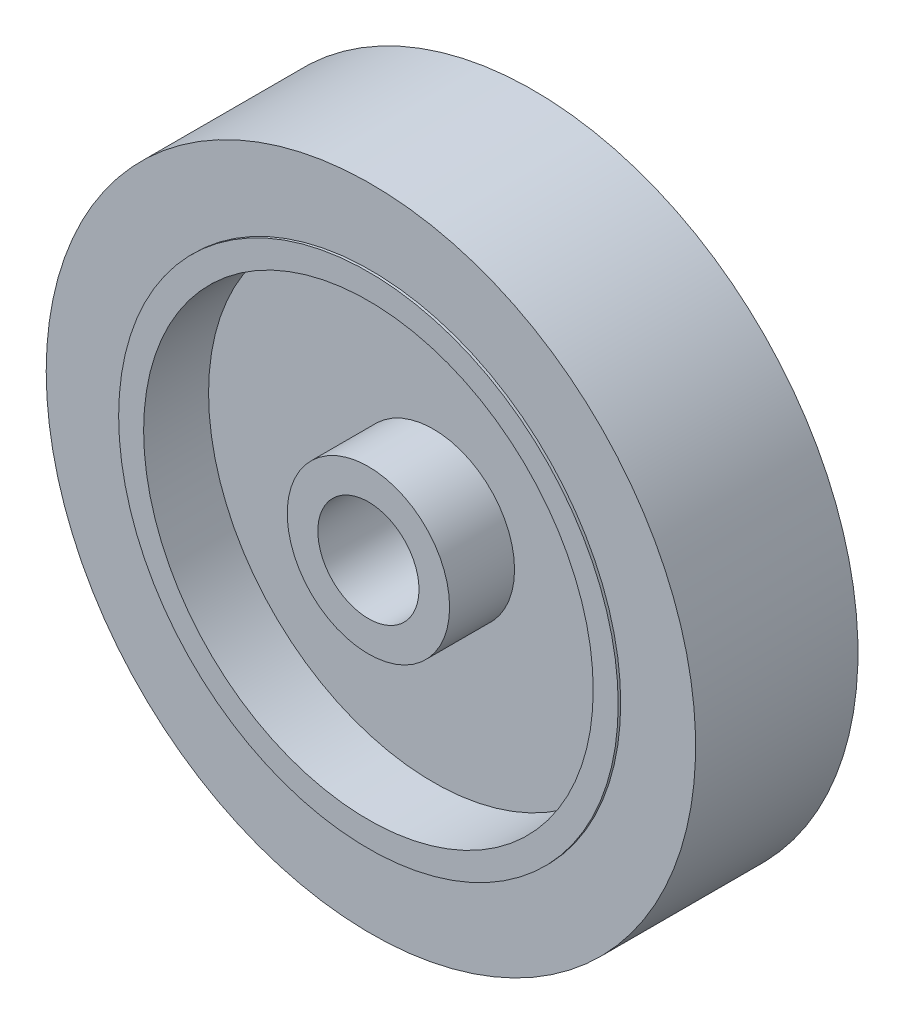
ISO-10303-21;
HEADER;
FILE_DESCRIPTION(('STEP AP214'),'2;1');
FILE_NAME('part.step','',(''),(''),'','','');
FILE_SCHEMA(('AUTOMOTIVE_DESIGN { 1 0 10303 214 1 1 1 1 }'));
ENDSEC;
DATA;
#1=APPLICATION_CONTEXT('core data for automotive mechanical design processes');
#2=APPLICATION_PROTOCOL_DEFINITION('international standard','automotive_design',2000,#1);
#3=PRODUCT_CONTEXT('',#1,'mechanical');
#4=PRODUCT('Part','Part','',(#3));
#5=PRODUCT_RELATED_PRODUCT_CATEGORY('part','',(#4));
#6=PRODUCT_DEFINITION_FORMATION('','',#4);
#7=PRODUCT_DEFINITION_CONTEXT('part definition',#1,'design');
#8=PRODUCT_DEFINITION('design','',#6,#7);
#9=PRODUCT_DEFINITION_SHAPE('','',#8);
#10=(LENGTH_UNIT() NAMED_UNIT(*) SI_UNIT(.MILLI.,.METRE.));
#11=(NAMED_UNIT(*) PLANE_ANGLE_UNIT() SI_UNIT($,.RADIAN.));
#12=(NAMED_UNIT(*) SI_UNIT($,.STERADIAN.) SOLID_ANGLE_UNIT());
#13=UNCERTAINTY_MEASURE_WITH_UNIT(LENGTH_MEASURE(1.E-05),#10,'distance_accuracy_value','');
#14=(GEOMETRIC_REPRESENTATION_CONTEXT(3) GLOBAL_UNCERTAINTY_ASSIGNED_CONTEXT((#13)) GLOBAL_UNIT_ASSIGNED_CONTEXT((#10,
#11,#12)) REPRESENTATION_CONTEXT('',''));
#15=CARTESIAN_POINT('',(0.,0.,0.));
#16=DIRECTION('',(0.,0.,1.));
#17=DIRECTION('',(1.,0.,0.));
#18=AXIS2_PLACEMENT_3D('',#15,#16,#17);
#19=CARTESIAN_POINT('',(0.,0.,6.5));
#20=DIRECTION('',(0.,0.,-1.));
#21=DIRECTION('',(-1.,0.,0.));
#22=AXIS2_PLACEMENT_3D('',#19,#20,#21);
#23=CYLINDRICAL_SURFACE('',#22,26.);
#24=CARTESIAN_POINT('',(0.,0.,6.5));
#25=DIRECTION('',(0.,0.,1.));
#26=DIRECTION('',(1.,0.,0.));
#27=AXIS2_PLACEMENT_3D('',#24,#25,#26);
#28=CIRCLE('',#27,26.);
#29=CARTESIAN_POINT('',(-26.,0.,6.5));
#30=VERTEX_POINT('',#29);
#31=EDGE_CURVE('E38',#30,#30,#28,.T.);
#32=CARTESIAN_POINT('',(0.,0.,-6.5));
#33=DIRECTION('',(0.,0.,1.));
#34=DIRECTION('',(1.,0.,0.));
#35=AXIS2_PLACEMENT_3D('',#32,#33,#34);
#36=CIRCLE('',#35,26.);
#37=CARTESIAN_POINT('',(-26.,0.,-6.5));
#38=VERTEX_POINT('',#37);
#39=EDGE_CURVE('E42',#38,#38,#36,.T.);
#40=CARTESIAN_POINT('',(-26.,0.,6.5));
#41=CARTESIAN_POINT('',(-26.,0.,6.36458333333333));
#42=CARTESIAN_POINT('',(-26.,0.,6.22916666666667));
#43=CARTESIAN_POINT('',(-26.,0.,5.95833333333333));
#44=CARTESIAN_POINT('',(-26.,0.,5.82291666666667));
#45=CARTESIAN_POINT('',(-26.,0.,5.55208333333333));
#46=CARTESIAN_POINT('',(-26.,0.,5.41666666666667));
#47=CARTESIAN_POINT('',(-26.,0.,5.14583333333333));
#48=CARTESIAN_POINT('',(-26.,0.,5.01041666666667));
#49=CARTESIAN_POINT('',(-26.,0.,4.73958333333333));
#50=CARTESIAN_POINT('',(-26.,0.,4.60416666666667));
#51=CARTESIAN_POINT('',(-26.,0.,4.33333333333333));
#52=CARTESIAN_POINT('',(-26.,0.,4.19791666666667));
#53=CARTESIAN_POINT('',(-26.,0.,3.92708333333333));
#54=CARTESIAN_POINT('',(-26.,0.,3.79166666666667));
#55=CARTESIAN_POINT('',(-26.,0.,3.52083333333333));
#56=CARTESIAN_POINT('',(-26.,0.,3.38541666666667));
#57=CARTESIAN_POINT('',(-26.,0.,3.11458333333333));
#58=CARTESIAN_POINT('',(-26.,0.,2.97916666666667));
#59=CARTESIAN_POINT('',(-26.,0.,2.70833333333333));
#60=CARTESIAN_POINT('',(-26.,0.,2.57291666666667));
#61=CARTESIAN_POINT('',(-26.,0.,2.30208333333333));
#62=CARTESIAN_POINT('',(-26.,0.,2.16666666666667));
#63=CARTESIAN_POINT('',(-26.,0.,1.89583333333333));
#64=CARTESIAN_POINT('',(-26.,0.,1.76041666666667));
#65=CARTESIAN_POINT('',(-26.,0.,1.48958333333333));
#66=CARTESIAN_POINT('',(-26.,0.,1.35416666666667));
#67=CARTESIAN_POINT('',(-26.,0.,1.08333333333333));
#68=CARTESIAN_POINT('',(-26.,0.,0.947916666666666));
#69=CARTESIAN_POINT('',(-26.,0.,0.677083333333332));
#70=CARTESIAN_POINT('',(-26.,0.,0.541666666666666));
#71=CARTESIAN_POINT('',(-26.,0.,0.270833333333333));
#72=CARTESIAN_POINT('',(-26.,0.,0.135416666666666));
#73=CARTESIAN_POINT('',(-26.,0.,-0.135416666666668));
#74=CARTESIAN_POINT('',(-26.,0.,-0.270833333333334));
#75=CARTESIAN_POINT('',(-26.,0.,-0.541666666666668));
#76=CARTESIAN_POINT('',(-26.,0.,-0.677083333333334));
#77=CARTESIAN_POINT('',(-26.,0.,-0.947916666666667));
#78=CARTESIAN_POINT('',(-26.,0.,-1.08333333333333));
#79=CARTESIAN_POINT('',(-26.,0.,-1.35416666666667));
#80=CARTESIAN_POINT('',(-26.,0.,-1.48958333333333));
#81=CARTESIAN_POINT('',(-26.,0.,-1.76041666666667));
#82=CARTESIAN_POINT('',(-26.,0.,-1.89583333333333));
#83=CARTESIAN_POINT('',(-26.,0.,-2.16666666666667));
#84=CARTESIAN_POINT('',(-26.,0.,-2.30208333333333));
#85=CARTESIAN_POINT('',(-26.,0.,-2.57291666666667));
#86=CARTESIAN_POINT('',(-26.,0.,-2.70833333333333));
#87=CARTESIAN_POINT('',(-26.,0.,-2.97916666666667));
#88=CARTESIAN_POINT('',(-26.,0.,-3.11458333333333));
#89=CARTESIAN_POINT('',(-26.,0.,-3.38541666666667));
#90=CARTESIAN_POINT('',(-26.,0.,-3.52083333333333));
#91=CARTESIAN_POINT('',(-26.,0.,-3.79166666666667));
#92=CARTESIAN_POINT('',(-26.,0.,-3.92708333333333));
#93=CARTESIAN_POINT('',(-26.,0.,-4.19791666666667));
#94=CARTESIAN_POINT('',(-26.,0.,-4.33333333333333));
#95=CARTESIAN_POINT('',(-26.,0.,-4.60416666666667));
#96=CARTESIAN_POINT('',(-26.,0.,-4.73958333333333));
#97=CARTESIAN_POINT('',(-26.,0.,-5.01041666666667));
#98=CARTESIAN_POINT('',(-26.,0.,-5.14583333333333));
#99=CARTESIAN_POINT('',(-26.,0.,-5.41666666666667));
#100=CARTESIAN_POINT('',(-26.,0.,-5.55208333333333));
#101=CARTESIAN_POINT('',(-26.,0.,-5.82291666666667));
#102=CARTESIAN_POINT('',(-26.,0.,-5.95833333333333));
#103=CARTESIAN_POINT('',(-26.,0.,-6.22916666666667));
#104=CARTESIAN_POINT('',(-26.,0.,-6.36458333333333));
#105=CARTESIAN_POINT('',(-26.,0.,-6.5));
#106=B_SPLINE_CURVE_WITH_KNOTS('',3,(#40,#41,#42,#43,#44,#45,#46,#47,#48,#49,#50,#51,#52,#53,
#54,#55,#56,#57,#58,#59,#60,#61,#62,#63,#64,#65,#66,#67,#68,#69,#70,#71,#72,#73,#74,#75,#76,#77,
#78,#79,#80,#81,#82,#83,#84,#85,#86,#87,#88,#89,#90,#91,#92,#93,#94,#95,#96,#97,#98,#99,#100,
#101,#102,#103,#104,#105),.UNSPECIFIED.,.F.,.F.,(4,2,2,2,2,2,2,2,2,2,2,2,2,2,2,2,2,2,2,2,2,2,2,
2,2,2,2,2,2,2,2,2,4),(0.,0.40625,0.8125,1.21875,1.625,2.03125,2.4375,2.84375,3.25,3.65625,
4.0625,4.46875,4.875,5.28125,5.6875,6.09375,6.5,6.90625,7.3125,7.71875,8.125,8.53125,8.9375,
9.34375,9.75,10.15625,10.5625,10.96875,11.375,11.78125,12.1875,12.59375,13.),.UNSPECIFIED.);
#107=EDGE_CURVE('BSEAM31',#30,#38,#106,.T.);
#108=ORIENTED_EDGE('',*,*,#31,.F.);
#109=ORIENTED_EDGE('',*,*,#39,.T.);
#110=ORIENTED_EDGE('',*,*,#107,.T.);
#111=ORIENTED_EDGE('',*,*,#107,.F.);
#112=EDGE_LOOP('',(#108,#110,#109,#111));
#113=FACE_BOUND('',#112,.T.);
#114=ADVANCED_FACE('F31',(#113),#23,.T.);
#115=CARTESIAN_POINT('',(0.,0.,6.5));
#116=DIRECTION('',(0.,0.,1.));
#117=DIRECTION('',(1.,0.,0.));
#118=AXIS2_PLACEMENT_3D('',#115,#116,#117);
#119=PLANE('',#118);
#120=CARTESIAN_POINT('',(0.,0.,6.5));
#121=DIRECTION('',(0.,0.,1.));
#122=DIRECTION('',(1.,0.,0.));
#123=AXIS2_PLACEMENT_3D('',#120,#121,#122);
#124=CIRCLE('',#123,20.);
#125=CARTESIAN_POINT('',(20.,0.,6.5));
#126=VERTEX_POINT('',#125);
#127=EDGE_CURVE('E48',#126,#126,#124,.T.);
#128=ORIENTED_EDGE('',*,*,#127,.F.);
#129=EDGE_LOOP('',(#128));
#130=FACE_BOUND('',#129,.T.);
#131=ORIENTED_EDGE('',*,*,#31,.T.);
#132=EDGE_LOOP('',(#131));
#133=FACE_BOUND('',#132,.T.);
#134=ADVANCED_FACE('F102',(#130,#133),#119,.T.);
#135=CARTESIAN_POINT('',(0.,0.,-6.5));
#136=DIRECTION('',(0.,0.,1.));
#137=DIRECTION('',(1.,0.,0.));
#138=AXIS2_PLACEMENT_3D('',#135,#136,#137);
#139=PLANE('',#138);
#140=CARTESIAN_POINT('',(0.,0.,-6.5));
#141=DIRECTION('',(0.,0.,1.));
#142=DIRECTION('',(1.,0.,0.));
#143=AXIS2_PLACEMENT_3D('',#140,#141,#142);
#144=CIRCLE('',#143,20.);
#145=CARTESIAN_POINT('',(20.,0.,-6.5));
#146=VERTEX_POINT('',#145);
#147=EDGE_CURVE('E10',#146,#146,#144,.F.);
#148=ORIENTED_EDGE('',*,*,#147,.F.);
#149=EDGE_LOOP('',(#148));
#150=FACE_BOUND('',#149,.T.);
#151=ORIENTED_EDGE('',*,*,#39,.F.);
#152=EDGE_LOOP('',(#151));
#153=FACE_BOUND('',#152,.T.);
#154=ADVANCED_FACE('F107',(#150,#153),#139,.F.);
#155=CARTESIAN_POINT('',(0.,0.,6.7));
#156=DIRECTION('',(0.,0.,1.));
#157=DIRECTION('',(1.,0.,0.));
#158=AXIS2_PLACEMENT_3D('',#155,#156,#157);
#159=PLANE('',#158);
#160=CARTESIAN_POINT('',(0.,0.,6.7));
#161=DIRECTION('',(0.,0.,1.));
#162=DIRECTION('',(1.,0.,0.));
#163=AXIS2_PLACEMENT_3D('',#160,#161,#162);
#164=CIRCLE('',#163,20.);
#165=CARTESIAN_POINT('',(20.,0.,6.7));
#166=VERTEX_POINT('',#165);
#167=EDGE_CURVE('E46',#166,#166,#164,.T.);
#168=ORIENTED_EDGE('',*,*,#167,.T.);
#169=EDGE_LOOP('',(#168));
#170=FACE_BOUND('',#169,.T.);
#171=CARTESIAN_POINT('',(0.,0.,6.7));
#172=DIRECTION('',(0.,0.,1.));
#173=DIRECTION('',(1.,0.,0.));
#174=AXIS2_PLACEMENT_3D('',#171,#172,#173);
#175=CIRCLE('',#174,18.);
#176=CARTESIAN_POINT('',(18.,0.,6.7));
#177=VERTEX_POINT('',#176);
#178=EDGE_CURVE('E51',#177,#177,#175,.T.);
#179=ORIENTED_EDGE('',*,*,#178,.F.);
#180=EDGE_LOOP('',(#179));
#181=FACE_BOUND('',#180,.T.);
#182=ADVANCED_FACE('F115',(#170,#181),#159,.T.);
#183=CARTESIAN_POINT('',(0.,0.,6.7));
#184=DIRECTION('',(0.,0.,-1.));
#185=DIRECTION('',(-1.,0.,0.));
#186=AXIS2_PLACEMENT_3D('',#183,#184,#185);
#187=CYLINDRICAL_SURFACE('',#186,20.);
#188=ORIENTED_EDGE('',*,*,#167,.F.);
#189=EDGE_LOOP('',(#188));
#190=FACE_BOUND('',#189,.T.);
#191=ORIENTED_EDGE('',*,*,#127,.T.);
#192=EDGE_LOOP('',(#191));
#193=FACE_BOUND('',#192,.T.);
#194=ADVANCED_FACE('F120',(#190,#193),#187,.T.);
#195=CARTESIAN_POINT('',(0.,0.,6.7));
#196=DIRECTION('',(0.,0.,-1.));
#197=DIRECTION('',(-1.,0.,0.));
#198=AXIS2_PLACEMENT_3D('',#195,#196,#197);
#199=CYLINDRICAL_SURFACE('',#198,18.);
#200=ORIENTED_EDGE('',*,*,#178,.T.);
#201=EDGE_LOOP('',(#200));
#202=FACE_BOUND('',#201,.T.);
#203=CARTESIAN_POINT('',(0.,0.,1.5));
#204=DIRECTION('',(0.,0.,1.));
#205=DIRECTION('',(1.,0.,0.));
#206=AXIS2_PLACEMENT_3D('',#203,#204,#205);
#207=CIRCLE('',#206,18.);
#208=CARTESIAN_POINT('',(18.,0.,1.5));
#209=VERTEX_POINT('',#208);
#210=EDGE_CURVE('E65',#209,#209,#207,.T.);
#211=ORIENTED_EDGE('',*,*,#210,.F.);
#212=EDGE_LOOP('',(#211));
#213=FACE_BOUND('',#212,.T.);
#214=ADVANCED_FACE('F125',(#202,#213),#199,.F.);
#215=CARTESIAN_POINT('',(0.,0.,-6.7));
#216=DIRECTION('',(0.,0.,-1.));
#217=DIRECTION('',(-1.,0.,0.));
#218=AXIS2_PLACEMENT_3D('',#215,#216,#217);
#219=PLANE('',#218);
#220=CARTESIAN_POINT('',(0.,0.,-6.7));
#221=DIRECTION('',(0.,0.,-1.));
#222=DIRECTION('',(-1.,0.,0.));
#223=AXIS2_PLACEMENT_3D('',#220,#221,#222);
#224=CIRCLE('',#223,20.);
#225=CARTESIAN_POINT('',(-20.,0.,-6.7));
#226=VERTEX_POINT('',#225);
#227=EDGE_CURVE('E56',#226,#226,#224,.T.);
#228=ORIENTED_EDGE('',*,*,#227,.T.);
#229=EDGE_LOOP('',(#228));
#230=FACE_BOUND('',#229,.T.);
#231=CARTESIAN_POINT('',(0.,0.,-6.7));
#232=DIRECTION('',(0.,0.,-1.));
#233=DIRECTION('',(-1.,0.,0.));
#234=AXIS2_PLACEMENT_3D('',#231,#232,#233);
#235=CIRCLE('',#234,18.);
#236=CARTESIAN_POINT('',(-18.,0.,-6.7));
#237=VERTEX_POINT('',#236);
#238=EDGE_CURVE('E59',#237,#237,#235,.T.);
#239=ORIENTED_EDGE('',*,*,#238,.F.);
#240=EDGE_LOOP('',(#239));
#241=FACE_BOUND('',#240,.T.);
#242=ADVANCED_FACE('F130',(#230,#241),#219,.T.);
#243=CARTESIAN_POINT('',(0.,0.,-6.7));
#244=DIRECTION('',(0.,0.,1.));
#245=DIRECTION('',(1.,0.,0.));
#246=AXIS2_PLACEMENT_3D('',#243,#244,#245);
#247=CYLINDRICAL_SURFACE('',#246,20.);
#248=ORIENTED_EDGE('',*,*,#227,.F.);
#249=EDGE_LOOP('',(#248));
#250=FACE_BOUND('',#249,.T.);
#251=ORIENTED_EDGE('',*,*,#147,.T.);
#252=EDGE_LOOP('',(#251));
#253=FACE_BOUND('',#252,.T.);
#254=ADVANCED_FACE('F132',(#250,#253),#247,.T.);
#255=CARTESIAN_POINT('',(0.,0.,-6.7));
#256=DIRECTION('',(0.,0.,1.));
#257=DIRECTION('',(1.,0.,0.));
#258=AXIS2_PLACEMENT_3D('',#255,#256,#257);
#259=CYLINDRICAL_SURFACE('',#258,18.);
#260=ORIENTED_EDGE('',*,*,#238,.T.);
#261=EDGE_LOOP('',(#260));
#262=FACE_BOUND('',#261,.T.);
#263=CARTESIAN_POINT('',(0.,0.,-1.5));
#264=DIRECTION('',(0.,0.,-1.));
#265=DIRECTION('',(-1.,0.,0.));
#266=AXIS2_PLACEMENT_3D('',#263,#264,#265);
#267=CIRCLE('',#266,18.);
#268=CARTESIAN_POINT('',(-18.,0.,-1.5));
#269=VERTEX_POINT('',#268);
#270=EDGE_CURVE('E62',#269,#269,#267,.T.);
#271=ORIENTED_EDGE('',*,*,#270,.F.);
#272=EDGE_LOOP('',(#271));
#273=FACE_BOUND('',#272,.T.);
#274=ADVANCED_FACE('F135',(#262,#273),#259,.F.);
#275=CARTESIAN_POINT('',(0.,0.,-1.5));
#276=DIRECTION('',(0.,0.,-1.));
#277=DIRECTION('',(-1.,0.,0.));
#278=AXIS2_PLACEMENT_3D('',#275,#276,#277);
#279=PLANE('',#278);
#280=CARTESIAN_POINT('',(0.,0.,-1.5));
#281=DIRECTION('',(0.,0.,-1.));
#282=DIRECTION('',(-1.,0.,0.));
#283=AXIS2_PLACEMENT_3D('',#280,#281,#282);
#284=CIRCLE('',#283,6.5);
#285=CARTESIAN_POINT('',(-6.5,0.,-1.5));
#286=VERTEX_POINT('',#285);
#287=EDGE_CURVE('E68',#286,#286,#284,.F.);
#288=ORIENTED_EDGE('',*,*,#287,.T.);
#289=EDGE_LOOP('',(#288));
#290=FACE_BOUND('',#289,.T.);
#291=ORIENTED_EDGE('',*,*,#270,.T.);
#292=EDGE_LOOP('',(#291));
#293=FACE_BOUND('',#292,.T.);
#294=ADVANCED_FACE('F142',(#290,#293),#279,.T.);
#295=CARTESIAN_POINT('',(0.,0.,1.5));
#296=DIRECTION('',(0.,0.,1.));
#297=DIRECTION('',(1.,0.,0.));
#298=AXIS2_PLACEMENT_3D('',#295,#296,#297);
#299=PLANE('',#298);
#300=CARTESIAN_POINT('',(0.,0.,1.5));
#301=DIRECTION('',(0.,0.,1.));
#302=DIRECTION('',(1.,0.,0.));
#303=AXIS2_PLACEMENT_3D('',#300,#301,#302);
#304=CIRCLE('',#303,6.5);
#305=CARTESIAN_POINT('',(6.5,0.,1.5));
#306=VERTEX_POINT('',#305);
#307=EDGE_CURVE('E34',#306,#306,#304,.F.);
#308=ORIENTED_EDGE('',*,*,#307,.T.);
#309=EDGE_LOOP('',(#308));
#310=FACE_BOUND('',#309,.T.);
#311=ORIENTED_EDGE('',*,*,#210,.T.);
#312=EDGE_LOOP('',(#311));
#313=FACE_BOUND('',#312,.T.);
#314=ADVANCED_FACE('F146',(#310,#313),#299,.T.);
#315=CARTESIAN_POINT('',(0.,0.,-25.0847763108502));
#316=DIRECTION('',(0.,0.,1.));
#317=DIRECTION('',(1.,0.,0.));
#318=AXIS2_PLACEMENT_3D('',#315,#316,#317);
#319=CYLINDRICAL_SURFACE('',#318,6.5);
#320=ORIENTED_EDGE('',*,*,#307,.F.);
#321=EDGE_LOOP('',(#320));
#322=FACE_BOUND('',#321,.T.);
#323=CARTESIAN_POINT('',(0.,0.,6.7));
#324=DIRECTION('',(0.,0.,1.));
#325=DIRECTION('',(1.,0.,0.));
#326=AXIS2_PLACEMENT_3D('',#323,#324,#325);
#327=CIRCLE('',#326,6.5);
#328=CARTESIAN_POINT('',(6.5,0.,6.7));
#329=VERTEX_POINT('',#328);
#330=EDGE_CURVE('E78',#329,#329,#327,.F.);
#331=ORIENTED_EDGE('',*,*,#330,.T.);
#332=EDGE_LOOP('',(#331));
#333=FACE_BOUND('',#332,.T.);
#334=ADVANCED_FACE('F100',(#322,#333),#319,.T.);
#335=CARTESIAN_POINT('',(0.,0.,6.7));
#336=DIRECTION('',(0.,0.,1.));
#337=DIRECTION('',(1.,0.,0.));
#338=AXIS2_PLACEMENT_3D('',#335,#336,#337);
#339=PLANE('',#338);
#340=ORIENTED_EDGE('',*,*,#330,.F.);
#341=EDGE_LOOP('',(#340));
#342=FACE_BOUND('',#341,.T.);
#343=CARTESIAN_POINT('',(0.,0.,6.7));
#344=DIRECTION('',(0.,0.,1.));
#345=DIRECTION('',(1.,0.,0.));
#346=AXIS2_PLACEMENT_3D('',#343,#344,#345);
#347=CIRCLE('',#346,4.05);
#348=CARTESIAN_POINT('',(4.05,0.,6.7));
#349=VERTEX_POINT('',#348);
#350=EDGE_CURVE('E75',#349,#349,#347,.F.);
#351=ORIENTED_EDGE('',*,*,#350,.T.);
#352=EDGE_LOOP('',(#351));
#353=FACE_BOUND('',#352,.T.);
#354=ADVANCED_FACE('F84',(#342,#353),#339,.T.);
#355=ORIENTED_EDGE('',*,*,#287,.F.);
#356=EDGE_LOOP('',(#355));
#357=FACE_BOUND('',#356,.T.);
#358=CARTESIAN_POINT('',(0.,0.,-6.7));
#359=DIRECTION('',(0.,0.,-1.));
#360=DIRECTION('',(-1.,0.,0.));
#361=AXIS2_PLACEMENT_3D('',#358,#359,#360);
#362=CIRCLE('',#361,6.5);
#363=CARTESIAN_POINT('',(-6.5,0.,-6.7));
#364=VERTEX_POINT('',#363);
#365=EDGE_CURVE('E74',#364,#364,#362,.T.);
#366=ORIENTED_EDGE('',*,*,#365,.F.);
#367=EDGE_LOOP('',(#366));
#368=FACE_BOUND('',#367,.T.);
#369=ADVANCED_FACE('F89',(#357,#368),#319,.T.);
#370=CARTESIAN_POINT('',(0.,0.,-25.0847763108502));
#371=DIRECTION('',(0.,0.,1.));
#372=DIRECTION('',(1.,0.,0.));
#373=AXIS2_PLACEMENT_3D('',#370,#371,#372);
#374=CYLINDRICAL_SURFACE('',#373,4.05);
#375=CARTESIAN_POINT('',(0.,0.,-6.7));
#376=DIRECTION('',(0.,0.,-1.));
#377=DIRECTION('',(-1.,0.,0.));
#378=AXIS2_PLACEMENT_3D('',#375,#376,#377);
#379=CIRCLE('',#378,4.05);
#380=CARTESIAN_POINT('',(-4.05,0.,-6.7));
#381=VERTEX_POINT('',#380);
#382=EDGE_CURVE('E71',#381,#381,#379,.T.);
#383=ORIENTED_EDGE('',*,*,#382,.T.);
#384=EDGE_LOOP('',(#383));
#385=FACE_BOUND('',#384,.T.);
#386=ORIENTED_EDGE('',*,*,#350,.F.);
#387=EDGE_LOOP('',(#386));
#388=FACE_BOUND('',#387,.T.);
#389=ADVANCED_FACE('F86',(#385,#388),#374,.F.);
#390=CARTESIAN_POINT('',(0.,0.,-6.7));
#391=DIRECTION('',(0.,0.,-1.));
#392=DIRECTION('',(-1.,0.,0.));
#393=AXIS2_PLACEMENT_3D('',#390,#391,#392);
#394=PLANE('',#393);
#395=ORIENTED_EDGE('',*,*,#382,.F.);
#396=EDGE_LOOP('',(#395));
#397=FACE_BOUND('',#396,.T.);
#398=ORIENTED_EDGE('',*,*,#365,.T.);
#399=EDGE_LOOP('',(#398));
#400=FACE_BOUND('',#399,.T.);
#401=ADVANCED_FACE('F88',(#397,#400),#394,.T.);
#402=CLOSED_SHELL('',(#114,#134,#154,#182,#194,#214,#242,#254,#274,#294,#314,#334,#354,#369,
#389,#401));
#403=MANIFOLD_SOLID_BREP('B2',#402);
#404=ADVANCED_BREP_SHAPE_REPRESENTATION('',(#18,#403),#14);
#405=SHAPE_DEFINITION_REPRESENTATION(#9,#404);
ENDSEC;
END-ISO-10303-21;

***

**Aim of the task:**
Everything from the top line of the data down to and including the line with "#3=PRODUCT_CONTEXT('',#1,'mechanical');" is to be copied, except the pictures.

**Output of the exercise:**
ISO-10303-21;
HEADER;
FILE_DESCRIPTION(('STEP AP214'),'2;1');
FILE_NAME('part.step','',(''),(''),'','','');
FILE_SCHEMA(('AUTOMOTIVE_DESIGN { 1 0 10303 214 1 1 1 1 }'));
ENDSEC;
DATA;
#1=APPLICATION_CONTEXT('core data for automotive mechanical design processes');
#2=APPLICATION_PROTOCOL_DEFINITION('international standard','automotive_design',2000,#1);
#3=PRODUCT_CONTEXT('',#1,'mechanical');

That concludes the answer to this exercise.